Solution of Home Work 7
 
1) There are two computers, called S (Source) and D (Destination). 
They are connected by a 20 km long link (full duplex, used only 
between S and D). The link has a data rate of 100 Mbit/sec and the 
speed of the signal on the link is (2/3)*c .
 
Practically speaking, we have only 1500 Byte dataframes from S to D, 
and only 50 Byte ACKframes from D to S. This includes headers, 
trailers, ``wrappers'', etc.
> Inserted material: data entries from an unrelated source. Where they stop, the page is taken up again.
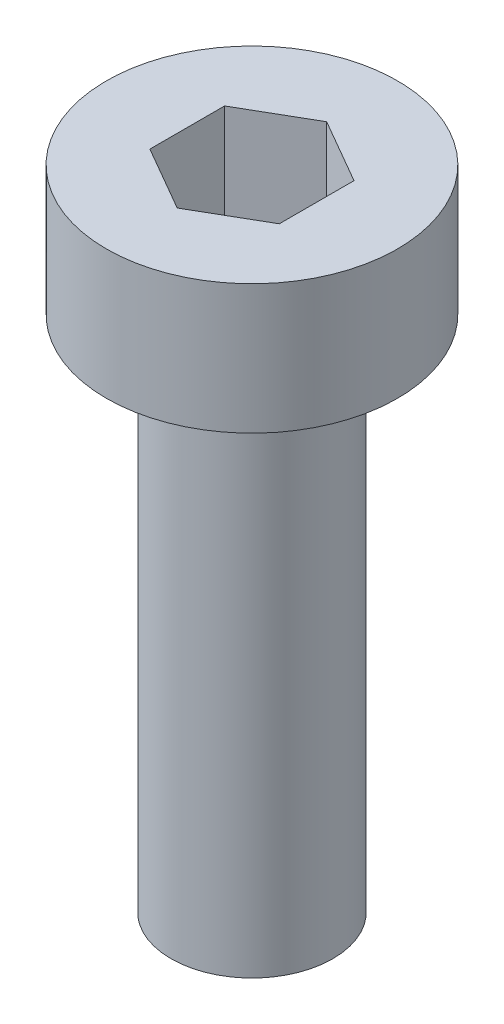
ISO-10303-21;
HEADER;
FILE_DESCRIPTION(('STEP AP214'),'2;1');
FILE_NAME('part.step','',(''),(''),'','','');
FILE_SCHEMA(('AUTOMOTIVE_DESIGN { 1 0 10303 214 1 1 1 1 }'));
ENDSEC;
DATA;
#1=APPLICATION_CONTEXT('core data for automotive mechanical design processes');
#2=APPLICATION_PROTOCOL_DEFINITION('international standard','automotive_design',2000,#1);
#3=PRODUCT_CONTEXT('',#1,'mechanical');
#4=PRODUCT('Part','Part','',(#3));
#5=PRODUCT_RELATED_PRODUCT_CATEGORY('part','',(#4));
#6=PRODUCT_DEFINITION_FORMATION('','',#4);
#7=PRODUCT_DEFINITION_CONTEXT('part definition',#1,'design');
#8=PRODUCT_DEFINITION('design','',#6,#7);
#9=PRODUCT_DEFINITION_SHAPE('','',#8);
#10=(LENGTH_UNIT() NAMED_UNIT(*) SI_UNIT(.MILLI.,.METRE.));
#11=(NAMED_UNIT(*) PLANE_ANGLE_UNIT() SI_UNIT($,.RADIAN.));
#12=(NAMED_UNIT(*) SI_UNIT($,.STERADIAN.) SOLID_ANGLE_UNIT());
#13=UNCERTAINTY_MEASURE_WITH_UNIT(LENGTH_MEASURE(1.E-05),#10,'distance_accuracy_value','');
#14=(GEOMETRIC_REPRESENTATION_CONTEXT(3) GLOBAL_UNCERTAINTY_ASSIGNED_CONTEXT((#13)) GLOBAL_UNIT_ASSIGNED_CONTEXT((#10,
#11,#12)) REPRESENTATION_CONTEXT('',''));
#15=CARTESIAN_POINT('',(0.,0.,0.));
#16=DIRECTION('',(0.,0.,1.));
#17=DIRECTION('',(1.,0.,0.));
#18=AXIS2_PLACEMENT_3D('',#15,#16,#17);
#19=CARTESIAN_POINT('',(0.,2.,0.));
#20=DIRECTION('',(0.,1.,0.));
#21=DIRECTION('',(0.,0.,1.));
#22=AXIS2_PLACEMENT_3D('',#19,#20,#21);
#23=PLANE('',#22);
#24=CARTESIAN_POINT('',(0.,2.,0.));
#25=DIRECTION('',(0.,1.,0.));
#26=DIRECTION('',(0.,0.,1.));
#27=AXIS2_PLACEMENT_3D('',#24,#25,#26);
#28=CIRCLE('',#27,2.25);
#29=CARTESIAN_POINT('',(0.,2.,2.25));
#30=VERTEX_POINT('',#29);
#31=EDGE_CURVE('E49',#30,#30,#28,.T.);
#32=ORIENTED_EDGE('',*,*,#31,.T.);
#33=EDGE_LOOP('',(#32));
#34=FACE_BOUND('',#33,.T.);
#35=DIRECTION('',(-0.866025403784439,0.,0.5));
#36=VECTOR('',#35,1.);
#37=CARTESIAN_POINT('',(0.,2.,-1.15470053837925));
#38=LINE('',#37,#36);
#39=CARTESIAN_POINT('',(0.,2.,-1.15470053837925));
#40=VERTEX_POINT('',#39);
#41=CARTESIAN_POINT('',(-1.,2.,-0.577350269189627));
#42=VERTEX_POINT('',#41);
#43=EDGE_CURVE('E111',#40,#42,#38,.T.);
#44=ORIENTED_EDGE('',*,*,#43,.F.);
#45=DIRECTION('',(-0.866025403784439,0.,-0.5));
#46=VECTOR('',#45,1.);
#47=CARTESIAN_POINT('',(1.,2.,-0.577350269189627));
#48=LINE('',#47,#46);
#49=CARTESIAN_POINT('',(1.,2.,-0.577350269189627));
#50=VERTEX_POINT('',#49);
#51=EDGE_CURVE('E91',#50,#40,#48,.T.);
#52=ORIENTED_EDGE('',*,*,#51,.F.);
#53=DIRECTION('',(0.,0.,-1.));
#54=VECTOR('',#53,1.);
#55=CARTESIAN_POINT('',(1.,2.,0.577350269189626));
#56=LINE('',#55,#54);
#57=CARTESIAN_POINT('',(1.,2.,0.577350269189626));
#58=VERTEX_POINT('',#57);
#59=EDGE_CURVE('E62',#58,#50,#56,.T.);
#60=ORIENTED_EDGE('',*,*,#59,.F.);
#61=DIRECTION('',(0.866025403784439,0.,-0.5));
#62=VECTOR('',#61,1.);
#63=CARTESIAN_POINT('',(0.,2.,1.15470053837925));
#64=LINE('',#63,#62);
#65=CARTESIAN_POINT('',(0.,2.,1.15470053837925));
#66=VERTEX_POINT('',#65);
#67=EDGE_CURVE('E122',#66,#58,#64,.T.);
#68=ORIENTED_EDGE('',*,*,#67,.F.);
#69=DIRECTION('',(0.866025403784438,0.,0.5));
#70=VECTOR('',#69,1.);
#71=CARTESIAN_POINT('',(-1.,2.,0.577350269189626));
#72=LINE('',#71,#70);
#73=CARTESIAN_POINT('',(-1.,2.,0.577350269189626));
#74=VERTEX_POINT('',#73);
#75=EDGE_CURVE('E110',#74,#66,#72,.T.);
#76=ORIENTED_EDGE('',*,*,#75,.F.);
#77=DIRECTION('',(0.,0.,1.));
#78=VECTOR('',#77,1.);
#79=CARTESIAN_POINT('',(-1.,2.,-0.577350269189627));
#80=LINE('',#79,#78);
#81=EDGE_CURVE('E100',#42,#74,#80,.T.);
#82=ORIENTED_EDGE('',*,*,#81,.F.);
#83=EDGE_LOOP('',(#44,#52,#60,#68,#76,#82));
#84=FACE_BOUND('',#83,.T.);
#85=ADVANCED_FACE('F41',(#34,#84),#23,.T.);
#86=CARTESIAN_POINT('',(0.,0.,0.));
#87=DIRECTION('',(0.,1.,0.));
#88=DIRECTION('',(0.,0.,1.));
#89=AXIS2_PLACEMENT_3D('',#86,#87,#88);
#90=PLANE('',#89);
#91=CARTESIAN_POINT('',(0.,0.,0.));
#92=DIRECTION('',(0.,1.,0.));
#93=DIRECTION('',(0.,0.,1.));
#94=AXIS2_PLACEMENT_3D('',#91,#92,#93);
#95=CIRCLE('',#94,1.25);
#96=CARTESIAN_POINT('',(0.,0.,1.25));
#97=VERTEX_POINT('',#96);
#98=EDGE_CURVE('E11',#97,#97,#95,.F.);
#99=ORIENTED_EDGE('',*,*,#98,.F.);
#100=EDGE_LOOP('',(#99));
#101=FACE_BOUND('',#100,.T.);
#102=CARTESIAN_POINT('',(0.,0.,0.));
#103=DIRECTION('',(0.,1.,0.));
#104=DIRECTION('',(0.,0.,1.));
#105=AXIS2_PLACEMENT_3D('',#102,#103,#104);
#106=CIRCLE('',#105,2.25);
#107=CARTESIAN_POINT('',(0.,0.,2.25));
#108=VERTEX_POINT('',#107);
#109=EDGE_CURVE('E151',#108,#108,#106,.T.);
#110=ORIENTED_EDGE('',*,*,#109,.F.);
#111=EDGE_LOOP('',(#110));
#112=FACE_BOUND('',#111,.T.);
#113=ADVANCED_FACE('F157',(#101,#112),#90,.F.);
#114=CARTESIAN_POINT('',(0.,2.,0.));
#115=DIRECTION('',(0.,-1.,0.));
#116=DIRECTION('',(0.,0.,-1.));
#117=AXIS2_PLACEMENT_3D('',#114,#115,#116);
#118=CYLINDRICAL_SURFACE('',#117,2.25);
#119=ORIENTED_EDGE('',*,*,#31,.F.);
#120=EDGE_LOOP('',(#119));
#121=FACE_BOUND('',#120,.T.);
#122=ORIENTED_EDGE('',*,*,#109,.T.);
#123=EDGE_LOOP('',(#122));
#124=FACE_BOUND('',#123,.T.);
#125=ADVANCED_FACE('F43',(#121,#124),#118,.T.);
#126=CARTESIAN_POINT('',(1.,2.,-0.577350269189627));
#127=DIRECTION('',(-0.5,0.,0.866025403784438));
#128=DIRECTION('',(0.866025403784439,0.,0.5));
#129=AXIS2_PLACEMENT_3D('',#126,#127,#128);
#130=PLANE('',#129);
#131=DIRECTION('',(-0.866025403784439,0.,-0.5));
#132=VECTOR('',#131,1.);
#133=CARTESIAN_POINT('',(1.,0.,-0.577350269189627));
#134=LINE('',#133,#132);
#135=CARTESIAN_POINT('',(1.,0.,-0.577350269189627));
#136=VERTEX_POINT('',#135);
#137=CARTESIAN_POINT('',(0.,0.,-1.15470053837925));
#138=VERTEX_POINT('',#137);
#139=EDGE_CURVE('E129',#136,#138,#134,.T.);
#140=ORIENTED_EDGE('',*,*,#139,.F.);
#141=DIRECTION('',(0.,-1.,0.));
#142=VECTOR('',#141,1.);
#143=CARTESIAN_POINT('',(1.,2.,-0.577350269189627));
#144=LINE('',#143,#142);
#145=EDGE_CURVE('E128',#50,#136,#144,.T.);
#146=ORIENTED_EDGE('',*,*,#145,.F.);
#147=ORIENTED_EDGE('',*,*,#51,.T.);
#148=DIRECTION('',(0.,-1.,0.));
#149=VECTOR('',#148,1.);
#150=CARTESIAN_POINT('',(0.,2.,-1.15470053837925));
#151=LINE('',#150,#149);
#152=EDGE_CURVE('E149',#40,#138,#151,.T.);
#153=ORIENTED_EDGE('',*,*,#152,.T.);
#154=EDGE_LOOP('',(#140,#146,#147,#153));
#155=FACE_BOUND('',#154,.T.);
#156=ADVANCED_FACE('F164',(#155),#130,.T.);
#157=CARTESIAN_POINT('',(0.,2.,-1.15470053837925));
#158=DIRECTION('',(0.5,0.,0.866025403784439));
#159=DIRECTION('',(0.866025403784439,0.,-0.5));
#160=AXIS2_PLACEMENT_3D('',#157,#158,#159);
#161=PLANE('',#160);
#162=DIRECTION('',(-0.866025403784439,0.,0.5));
#163=VECTOR('',#162,1.);
#164=CARTESIAN_POINT('',(0.,0.,-1.15470053837925));
#165=LINE('',#164,#163);
#166=CARTESIAN_POINT('',(-1.,0.,-0.577350269189627));
#167=VERTEX_POINT('',#166);
#168=EDGE_CURVE('E132',#138,#167,#165,.T.);
#169=ORIENTED_EDGE('',*,*,#168,.F.);
#170=ORIENTED_EDGE('',*,*,#152,.F.);
#171=ORIENTED_EDGE('',*,*,#43,.T.);
#172=DIRECTION('',(0.,-1.,0.));
#173=VECTOR('',#172,1.);
#174=CARTESIAN_POINT('',(-1.,2.,-0.577350269189627));
#175=LINE('',#174,#173);
#176=EDGE_CURVE('E106',#42,#167,#175,.T.);
#177=ORIENTED_EDGE('',*,*,#176,.T.);
#178=EDGE_LOOP('',(#169,#170,#171,#177));
#179=FACE_BOUND('',#178,.T.);
#180=ADVANCED_FACE('F172',(#179),#161,.T.);
#181=CARTESIAN_POINT('',(-1.,2.,-0.577350269189627));
#182=DIRECTION('',(1.,0.,0.));
#183=DIRECTION('',(0.,0.,-1.));
#184=AXIS2_PLACEMENT_3D('',#181,#182,#183);
#185=PLANE('',#184);
#186=DIRECTION('',(0.,0.,1.));
#187=VECTOR('',#186,1.);
#188=CARTESIAN_POINT('',(-1.,0.,-0.577350269189627));
#189=LINE('',#188,#187);
#190=CARTESIAN_POINT('',(-1.,0.,0.577350269189626));
#191=VERTEX_POINT('',#190);
#192=EDGE_CURVE('E136',#167,#191,#189,.T.);
#193=ORIENTED_EDGE('',*,*,#192,.F.);
#194=ORIENTED_EDGE('',*,*,#176,.F.);
#195=ORIENTED_EDGE('',*,*,#81,.T.);
#196=DIRECTION('',(0.,-1.,0.));
#197=VECTOR('',#196,1.);
#198=CARTESIAN_POINT('',(-1.,2.,0.577350269189626));
#199=LINE('',#198,#197);
#200=EDGE_CURVE('E104',#74,#191,#199,.T.);
#201=ORIENTED_EDGE('',*,*,#200,.T.);
#202=EDGE_LOOP('',(#193,#194,#195,#201));
#203=FACE_BOUND('',#202,.T.);
#204=ADVANCED_FACE('F103',(#203),#185,.T.);
#205=CARTESIAN_POINT('',(-1.,2.,0.577350269189626));
#206=DIRECTION('',(0.5,0.,-0.866025403784439));
#207=DIRECTION('',(-0.866025403784438,0.,-0.5));
#208=AXIS2_PLACEMENT_3D('',#205,#206,#207);
#209=PLANE('',#208);
#210=DIRECTION('',(0.866025403784438,0.,0.5));
#211=VECTOR('',#210,1.);
#212=CARTESIAN_POINT('',(-1.,0.,0.577350269189626));
#213=LINE('',#212,#211);
#214=CARTESIAN_POINT('',(0.,0.,1.15470053837925));
#215=VERTEX_POINT('',#214);
#216=EDGE_CURVE('E117',#191,#215,#213,.T.);
#217=ORIENTED_EDGE('',*,*,#216,.F.);
#218=ORIENTED_EDGE('',*,*,#200,.F.);
#219=ORIENTED_EDGE('',*,*,#75,.T.);
#220=DIRECTION('',(0.,-1.,0.));
#221=VECTOR('',#220,1.);
#222=CARTESIAN_POINT('',(0.,2.,1.15470053837925));
#223=LINE('',#222,#221);
#224=EDGE_CURVE('E119',#66,#215,#223,.T.);
#225=ORIENTED_EDGE('',*,*,#224,.T.);
#226=EDGE_LOOP('',(#217,#218,#219,#225));
#227=FACE_BOUND('',#226,.T.);
#228=ADVANCED_FACE('F114',(#227),#209,.T.);
#229=CARTESIAN_POINT('',(0.,2.,1.15470053837925));
#230=DIRECTION('',(-0.5,0.,-0.866025403784439));
#231=DIRECTION('',(-0.866025403784439,0.,0.5));
#232=AXIS2_PLACEMENT_3D('',#229,#230,#231);
#233=PLANE('',#232);
#234=DIRECTION('',(0.866025403784439,0.,-0.5));
#235=VECTOR('',#234,1.);
#236=CARTESIAN_POINT('',(0.,0.,1.15470053837925));
#237=LINE('',#236,#235);
#238=CARTESIAN_POINT('',(1.,0.,0.577350269189626));
#239=VERTEX_POINT('',#238);
#240=EDGE_CURVE('E139',#215,#239,#237,.T.);
#241=ORIENTED_EDGE('',*,*,#240,.F.);
#242=ORIENTED_EDGE('',*,*,#224,.F.);
#243=ORIENTED_EDGE('',*,*,#67,.T.);
#244=DIRECTION('',(0.,-1.,0.));
#245=VECTOR('',#244,1.);
#246=CARTESIAN_POINT('',(1.,2.,0.577350269189626));
#247=LINE('',#246,#245);
#248=EDGE_CURVE('E56',#58,#239,#247,.T.);
#249=ORIENTED_EDGE('',*,*,#248,.T.);
#250=EDGE_LOOP('',(#241,#242,#243,#249));
#251=FACE_BOUND('',#250,.T.);
#252=ADVANCED_FACE('F180',(#251),#233,.T.);
#253=CARTESIAN_POINT('',(1.,2.,0.577350269189626));
#254=DIRECTION('',(-1.,0.,0.));
#255=DIRECTION('',(0.,0.,1.));
#256=AXIS2_PLACEMENT_3D('',#253,#254,#255);
#257=PLANE('',#256);
#258=DIRECTION('',(0.,0.,-1.));
#259=VECTOR('',#258,1.);
#260=CARTESIAN_POINT('',(1.,0.,0.577350269189626));
#261=LINE('',#260,#259);
#262=EDGE_CURVE('E142',#239,#136,#261,.T.);
#263=ORIENTED_EDGE('',*,*,#262,.F.);
#264=ORIENTED_EDGE('',*,*,#248,.F.);
#265=ORIENTED_EDGE('',*,*,#59,.T.);
#266=ORIENTED_EDGE('',*,*,#145,.T.);
#267=EDGE_LOOP('',(#263,#264,#265,#266));
#268=FACE_BOUND('',#267,.T.);
#269=ADVANCED_FACE('F183',(#268),#257,.T.);
#270=CARTESIAN_POINT('',(0.,0.,0.));
#271=DIRECTION('',(0.,-1.,0.));
#272=DIRECTION('',(0.,0.,-1.));
#273=AXIS2_PLACEMENT_3D('',#270,#271,#272);
#274=PLANE('',#273);
#275=ORIENTED_EDGE('',*,*,#139,.T.);
#276=ORIENTED_EDGE('',*,*,#168,.T.);
#277=ORIENTED_EDGE('',*,*,#192,.T.);
#278=ORIENTED_EDGE('',*,*,#216,.T.);
#279=ORIENTED_EDGE('',*,*,#240,.T.);
#280=ORIENTED_EDGE('',*,*,#262,.T.);
#281=EDGE_LOOP('',(#275,#276,#277,#278,#279,#280));
#282=FACE_BOUND('',#281,.T.);
#283=ADVANCED_FACE('F186',(#282),#274,.F.);
#284=CARTESIAN_POINT('',(0.,-8.,0.));
#285=DIRECTION('',(0.,1.,0.));
#286=DIRECTION('',(0.,0.,1.));
#287=AXIS2_PLACEMENT_3D('',#284,#285,#286);
#288=CYLINDRICAL_SURFACE('',#287,1.25);
#289=CARTESIAN_POINT('',(0.,-8.,0.));
#290=DIRECTION('',(0.,-1.,0.));
#291=DIRECTION('',(0.,0.,-1.));
#292=AXIS2_PLACEMENT_3D('',#289,#290,#291);
#293=CIRCLE('',#292,1.25);
#294=CARTESIAN_POINT('',(0.,-8.,-1.25));
#295=VERTEX_POINT('',#294);
#296=EDGE_CURVE('E133',#295,#295,#293,.T.);
#297=ORIENTED_EDGE('',*,*,#296,.F.);
#298=EDGE_LOOP('',(#297));
#299=FACE_BOUND('',#298,.T.);
#300=ORIENTED_EDGE('',*,*,#98,.T.);
#301=EDGE_LOOP('',(#300));
#302=FACE_BOUND('',#301,.T.);
#303=ADVANCED_FACE('F187',(#299,#302),#288,.T.);
#304=CARTESIAN_POINT('',(0.,-8.,0.));
#305=DIRECTION('',(0.,-1.,0.));
#306=DIRECTION('',(0.,0.,-1.));
#307=AXIS2_PLACEMENT_3D('',#304,#305,#306);
#308=PLANE('',#307);
#309=ORIENTED_EDGE('',*,*,#296,.T.);
#310=EDGE_LOOP('',(#309));
#311=FACE_BOUND('',#310,.T.);
#312=ADVANCED_FACE('F190',(#311),#308,.T.);
#313=CLOSED_SHELL('',(#85,#113,#125,#156,#180,#204,#228,#252,#269,#283,#303,#312));
#314=MANIFOLD_SOLID_BREP('B2',#313);
#315=ADVANCED_BREP_SHAPE_REPRESENTATION('',(#18,#314),#14);
#316=SHAPE_DEFINITION_REPRESENTATION(#9,#315);
ENDSEC;
END-ISO-10303-21;

D acknowledges every dataframe it 
receives as soon as the whole frame is in.
 
If S and D use a ``Sliding Window'' protocol, what window size (in 
frames) would you recommend? WHY?
(The ``why'' is much more important than the actual answer, so 
try to be simultanously concise and very clear!)

 

 

Answer:

 

Serialization delay of a data frame is:

 

                 1500 * 8

            ------------------  = .12msec

             100, 000, 000

 

Propagation delay is:        20

                                    ------------------  = .1msec

                                    (2/3)*3,00,000

 

Serialization delay of an ACK frame is:     400

                                                                 --------------- = .004msec

                                                                100,000,000

 

At time t, when S starts sending a data frame, the tail of the frame leaves S at (t + .12) msec. The same frame arrives at D after the time (t + .12 + .1) msec.

 

Assume an ACK is generated in D at the same time it receives a data frame. Then the ACK will leave D at the time, (t + .12 + .1 + .004) msec.

 

So, the ACK for the data frame will arrive at S after (t + .12 + .1 + .004 + .1) msec, which is (t + 0.324) msec.

 

So, S needs to have data frames to send at t, (t + .12) and (t + .324). So, the window size must be 3 to prevent the bandwidth from remaining unused.

 

2) In a bit-oriented protocol, we use the flag  01111110 , to 
indicate beginning and end of a frame.
(I usually would write this as  0111 1110 , for readability).
 
A. Bitstuff the following pattern:
   01001111111001111100110011110
                    ^                ^
                    |                  |
 
 The answer is:
 
               0100111110110011111000110011110
 
B. ``Unstuff'' the following pattern:
   0110111110111110110011111001010
                     -           -                  -
 
Answer is:
 
               0110111111111111001111101010
 
C. What is your reaction if asked to unstuff the following pattern?
   01001111110010
 
 Answer:
 
The pattern 0111 1110 is a flag used to indicate the beginning and end of a message. If it is received in the destination, it will be assumed as a flag and will not be unstuffed.
 
D. What is your reaction if asked to unstuff the following pattern?
   010011111110010
 
Answer:
 
Unstuffing this pattern might result in an error as it was not bit stuffed. It might also be a special protocol between source and destination.